▶ **Record extracts**
──────

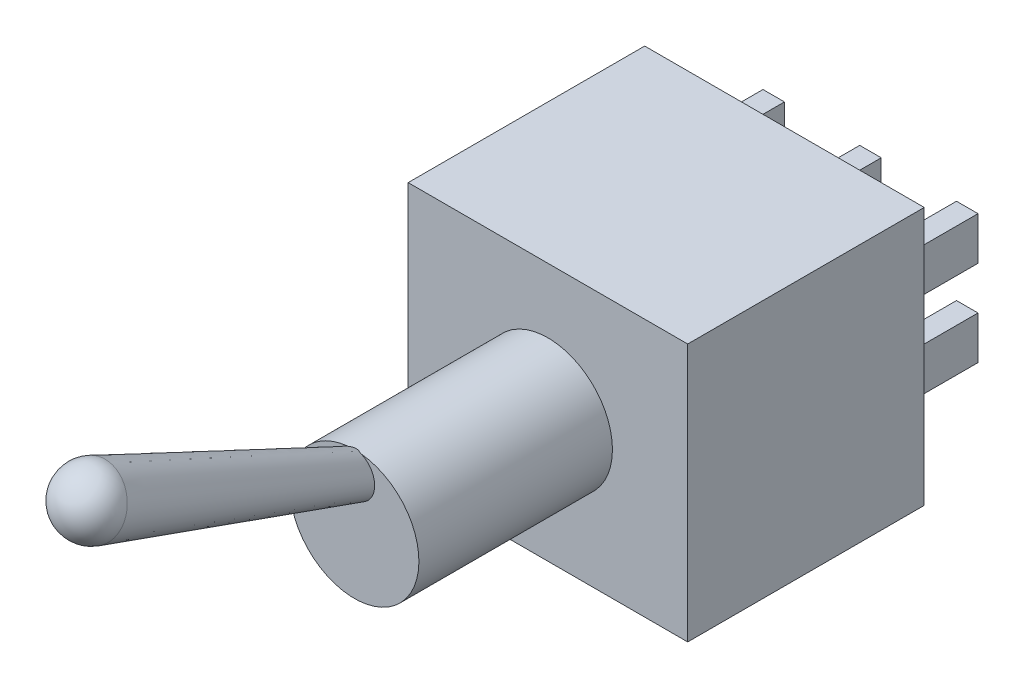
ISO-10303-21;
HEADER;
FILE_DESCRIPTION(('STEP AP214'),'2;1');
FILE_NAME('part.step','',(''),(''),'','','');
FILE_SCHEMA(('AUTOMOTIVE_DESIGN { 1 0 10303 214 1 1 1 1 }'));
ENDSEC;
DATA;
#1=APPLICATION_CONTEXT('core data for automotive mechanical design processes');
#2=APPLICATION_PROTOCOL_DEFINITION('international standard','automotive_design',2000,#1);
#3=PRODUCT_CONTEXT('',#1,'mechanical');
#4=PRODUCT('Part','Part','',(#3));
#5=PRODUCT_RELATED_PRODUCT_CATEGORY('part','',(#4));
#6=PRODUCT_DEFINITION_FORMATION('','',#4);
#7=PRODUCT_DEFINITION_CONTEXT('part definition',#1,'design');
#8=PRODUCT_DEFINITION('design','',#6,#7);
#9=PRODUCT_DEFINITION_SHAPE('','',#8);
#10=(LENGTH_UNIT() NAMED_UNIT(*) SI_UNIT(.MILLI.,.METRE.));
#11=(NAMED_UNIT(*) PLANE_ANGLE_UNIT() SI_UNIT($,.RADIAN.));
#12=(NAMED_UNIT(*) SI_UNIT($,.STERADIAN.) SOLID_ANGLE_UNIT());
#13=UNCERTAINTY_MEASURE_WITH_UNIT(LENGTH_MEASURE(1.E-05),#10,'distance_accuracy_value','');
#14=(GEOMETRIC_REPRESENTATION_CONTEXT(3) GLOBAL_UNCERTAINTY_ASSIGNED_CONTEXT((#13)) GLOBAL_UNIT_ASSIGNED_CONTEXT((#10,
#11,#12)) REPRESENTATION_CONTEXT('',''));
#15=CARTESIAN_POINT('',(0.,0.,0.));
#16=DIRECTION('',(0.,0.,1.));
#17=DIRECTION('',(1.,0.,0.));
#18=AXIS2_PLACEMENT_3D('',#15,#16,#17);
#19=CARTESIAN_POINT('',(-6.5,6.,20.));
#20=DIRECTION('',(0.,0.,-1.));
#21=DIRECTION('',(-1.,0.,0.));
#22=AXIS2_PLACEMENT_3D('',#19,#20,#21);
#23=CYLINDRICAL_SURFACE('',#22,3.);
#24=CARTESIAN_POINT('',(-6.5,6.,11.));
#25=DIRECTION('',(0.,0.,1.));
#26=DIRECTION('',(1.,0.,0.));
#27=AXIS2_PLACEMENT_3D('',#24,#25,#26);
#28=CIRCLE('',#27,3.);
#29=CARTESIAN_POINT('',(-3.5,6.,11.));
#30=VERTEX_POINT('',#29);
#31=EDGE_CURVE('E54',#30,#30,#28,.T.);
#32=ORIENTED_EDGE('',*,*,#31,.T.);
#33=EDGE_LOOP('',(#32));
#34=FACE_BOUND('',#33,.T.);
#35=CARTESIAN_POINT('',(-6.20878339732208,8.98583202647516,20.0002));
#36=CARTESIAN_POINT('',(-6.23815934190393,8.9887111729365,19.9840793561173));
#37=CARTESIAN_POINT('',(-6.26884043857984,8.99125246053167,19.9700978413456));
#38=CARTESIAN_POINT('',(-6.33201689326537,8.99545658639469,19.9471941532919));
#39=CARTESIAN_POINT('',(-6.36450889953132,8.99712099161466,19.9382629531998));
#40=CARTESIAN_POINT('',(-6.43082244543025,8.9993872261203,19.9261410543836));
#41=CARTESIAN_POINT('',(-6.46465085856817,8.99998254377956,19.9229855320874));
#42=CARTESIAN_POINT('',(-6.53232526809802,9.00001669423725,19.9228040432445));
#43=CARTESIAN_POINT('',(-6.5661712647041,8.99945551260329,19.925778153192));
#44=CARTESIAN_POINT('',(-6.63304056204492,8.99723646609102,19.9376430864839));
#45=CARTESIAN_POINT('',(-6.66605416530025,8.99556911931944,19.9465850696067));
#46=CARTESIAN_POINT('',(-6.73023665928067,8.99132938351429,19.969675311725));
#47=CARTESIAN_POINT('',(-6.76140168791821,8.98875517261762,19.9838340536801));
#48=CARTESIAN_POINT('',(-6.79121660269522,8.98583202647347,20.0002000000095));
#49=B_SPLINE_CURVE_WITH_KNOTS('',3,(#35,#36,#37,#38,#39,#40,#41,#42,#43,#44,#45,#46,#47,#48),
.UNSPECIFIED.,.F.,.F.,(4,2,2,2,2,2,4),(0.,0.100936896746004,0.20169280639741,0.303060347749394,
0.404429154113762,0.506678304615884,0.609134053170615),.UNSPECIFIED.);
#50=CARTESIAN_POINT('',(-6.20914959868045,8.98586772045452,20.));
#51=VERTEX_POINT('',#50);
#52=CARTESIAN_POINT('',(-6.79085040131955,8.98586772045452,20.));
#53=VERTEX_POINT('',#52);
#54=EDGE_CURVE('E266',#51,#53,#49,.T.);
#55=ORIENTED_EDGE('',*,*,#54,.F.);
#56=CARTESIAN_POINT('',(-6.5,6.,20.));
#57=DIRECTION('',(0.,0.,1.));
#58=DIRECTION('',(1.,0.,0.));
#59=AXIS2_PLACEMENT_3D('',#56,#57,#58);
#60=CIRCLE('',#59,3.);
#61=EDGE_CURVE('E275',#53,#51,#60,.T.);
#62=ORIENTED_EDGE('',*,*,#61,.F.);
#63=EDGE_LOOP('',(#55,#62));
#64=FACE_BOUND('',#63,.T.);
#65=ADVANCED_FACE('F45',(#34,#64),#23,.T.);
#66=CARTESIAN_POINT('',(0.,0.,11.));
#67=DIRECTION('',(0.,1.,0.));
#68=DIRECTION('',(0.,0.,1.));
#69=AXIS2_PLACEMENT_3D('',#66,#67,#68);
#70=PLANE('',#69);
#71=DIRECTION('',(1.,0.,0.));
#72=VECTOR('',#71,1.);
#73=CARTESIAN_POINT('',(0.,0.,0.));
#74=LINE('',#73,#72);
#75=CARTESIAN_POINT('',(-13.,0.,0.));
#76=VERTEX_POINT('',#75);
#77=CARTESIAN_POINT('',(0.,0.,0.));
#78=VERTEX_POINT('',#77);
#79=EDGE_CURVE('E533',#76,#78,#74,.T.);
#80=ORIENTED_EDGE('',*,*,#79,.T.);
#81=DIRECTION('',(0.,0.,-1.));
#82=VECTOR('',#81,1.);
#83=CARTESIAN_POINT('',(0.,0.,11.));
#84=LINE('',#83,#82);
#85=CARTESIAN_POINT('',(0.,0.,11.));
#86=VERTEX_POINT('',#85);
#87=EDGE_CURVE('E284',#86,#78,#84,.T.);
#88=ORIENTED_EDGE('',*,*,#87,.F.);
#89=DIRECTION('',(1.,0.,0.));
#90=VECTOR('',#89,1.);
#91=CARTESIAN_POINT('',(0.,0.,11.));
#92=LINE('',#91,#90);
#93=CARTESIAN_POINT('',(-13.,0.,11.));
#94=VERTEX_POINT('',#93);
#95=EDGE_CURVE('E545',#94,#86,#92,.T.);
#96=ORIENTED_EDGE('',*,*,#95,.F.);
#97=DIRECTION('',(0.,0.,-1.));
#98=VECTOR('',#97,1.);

──────

▶ **Assigned task**
Repeat the entries above verbatim, but only from the line that has "0 10303 214" down to the line that has "#12=(NAMED_UNIT(*) SI_UNIT($,.STERADIAN.) SOLID_ANGLE_UNIT());", inclusive.

▶ **Response to the task**
FILE_SCHEMA(('AUTOMOTIVE_DESIGN { 1 0 10303 214 1 1 1 1 }'));
ENDSEC;
DATA;
#1=APPLICATION_CONTEXT('core data for automotive mechanical design processes');
#2=APPLICATION_PROTOCOL_DEFINITION('international standard','automotive_design',2000,#1);
#3=PRODUCT_CONTEXT('',#1,'mechanical');
#4=PRODUCT('Part','Part','',(#3));
#5=PRODUCT_RELATED_PRODUCT_CATEGORY('part','',(#4));
#6=PRODUCT_DEFINITION_FORMATION('','',#4);
#7=PRODUCT_DEFINITION_CONTEXT('part definition',#1,'design');
#8=PRODUCT_DEFINITION('design','',#6,#7);
#9=PRODUCT_DEFINITION_SHAPE('','',#8);
#10=(LENGTH_UNIT() NAMED_UNIT(*) SI_UNIT(.MILLI.,.METRE.));
#11=(NAMED_UNIT(*) PLANE_ANGLE_UNIT() SI_UNIT($,.RADIAN.));
#12=(NAMED_UNIT(*) SI_UNIT($,.STERADIAN.) SOLID_ANGLE_UNIT());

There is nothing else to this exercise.